_EXERCISE AIM_
For the records below, reproduce exactly the line that contains "Sqrt/1 -> Product1/2" and all subsequent lines, with nothing left out and nothing added.

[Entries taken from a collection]
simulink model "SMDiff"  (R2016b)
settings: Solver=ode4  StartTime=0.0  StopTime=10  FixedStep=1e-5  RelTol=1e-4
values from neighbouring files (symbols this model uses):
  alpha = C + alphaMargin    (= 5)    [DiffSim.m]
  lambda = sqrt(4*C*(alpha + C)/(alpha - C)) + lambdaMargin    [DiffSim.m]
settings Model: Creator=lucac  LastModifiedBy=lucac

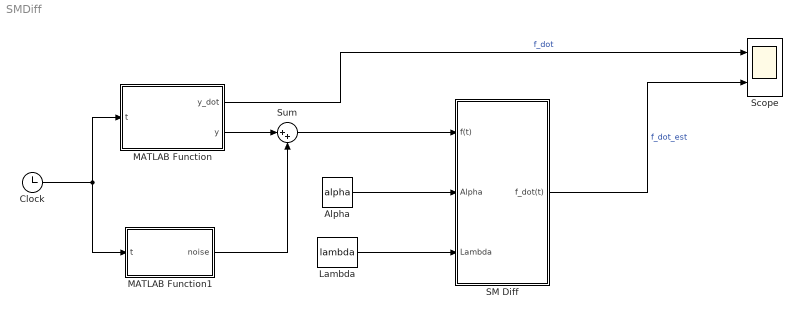
== system SMDiff ==
  Alpha : Constant  Value=alpha
  Clock : Clock
  Lambda : Constant  Value=lambda
  MATLAB Function : MATLAB Function  TreatAsAtomicUnit=on
  MATLAB Function1 : MATLAB Function  TreatAsAtomicUnit=on
  SM Diff : Subsystem
  Scope : Scope  NumInputPorts=2
  Sum : Sum  Inputs=|++
  wires:
  Clock/1 -> MATLAB Function/1(t), MATLAB Function1/1(t)
  Alpha/1 -> SM Diff/2("Alpha ")
  Lambda/1 -> SM Diff/3(Lambda)
  SM Diff/1(f_dot(t)) -> Scope/2  "f_dot_est"
  MATLAB Function/1(y_dot) -> Scope/1  "f_dot"
  MATLAB Function/2(y) -> Sum/1
  Sum/1 -> SM Diff/1(f(t))
  MATLAB Function1/1(noise) -> Sum/2

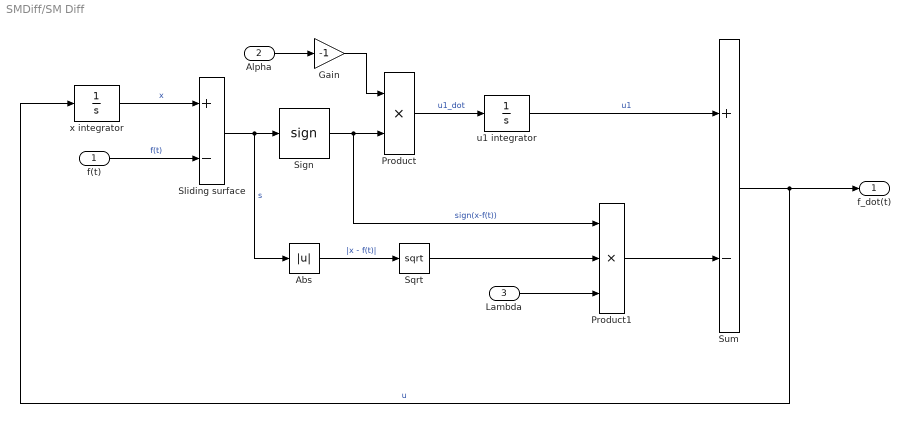
== system SMDiff/SM Diff ==
  f(t) : Inport
  "Alpha " : Inport  Port=2
  Lambda : Inport  Port=3
  Abs : Abs
  Gain : Gain  Gain=-1
  Product : Product
  Product1 : Product  Inputs=3
  Sign : Signum
  Sliding surface : Sum  Inputs=+-
  Sqrt : Sqrt  SaturateOnIntegerOverflow=on
  Sum : Sum  Inputs=+-
  u1 integrator : Integrator
  x integrator : Integrator
  f_dot(t) : Outport
  wires:
  "Alpha "/1 -> Gain/1
  x integrator/1 -> Sliding surface/1  "x"
  f(t)/1 -> Sliding surface/2  "f(t)"
  Sliding surface/1 -> Abs/1, Sign/1  "s"
  Sign/1 -> Product1/1, Product/2  "sign(x-f(t))"
  Gain/1 -> Product/1
  Product/1 -> u1 integrator/1  "u1_dot"
  u1 integrator/1 -> Sum/1  "u1"
  Abs/1 -> Sqrt/1  "|x - f(t)|"
  Sqrt/1 -> Product1/2
  Lambda/1 -> Product1/3
  Product1/1 -> Sum/2
  Sum/1 -> x integrator/1, f_dot(t)/1  "u"

== matlab function SMDiff/MATLAB Function1 ==
  data: t input; noise output
function noise = fcn(t)

noise = 0.001*cos(30*t);

== matlab function SMDiff/MATLAB Function ==
  data: y_dot output; t input; y output
function [y_dot, y] = fcn(t)


y_dot = 3*cos(3*t) + 2*sin(t);
y = sin(3*t) - 2*cos(t);

_SOLUTION FOR THIS EXERCISE_
  Sqrt/1 -> Product1/2
  Lambda/1 -> Product1/3
  Product1/1 -> Sum/2
  Sum/1 -> x integrator/1, f_dot(t)/1  "u"

== matlab function SMDiff/MATLAB Function1 ==
  data: t input; noise output
function noise = fcn(t)

noise = 0.001*cos(30*t);

== matlab function SMDiff/MATLAB Function ==
  data: y_dot output; t input; y output
function [y_dot, y] = fcn(t)


y_dot = 3*cos(3*t) + 2*sin(t);
y = sin(3*t) - 2*cos(t);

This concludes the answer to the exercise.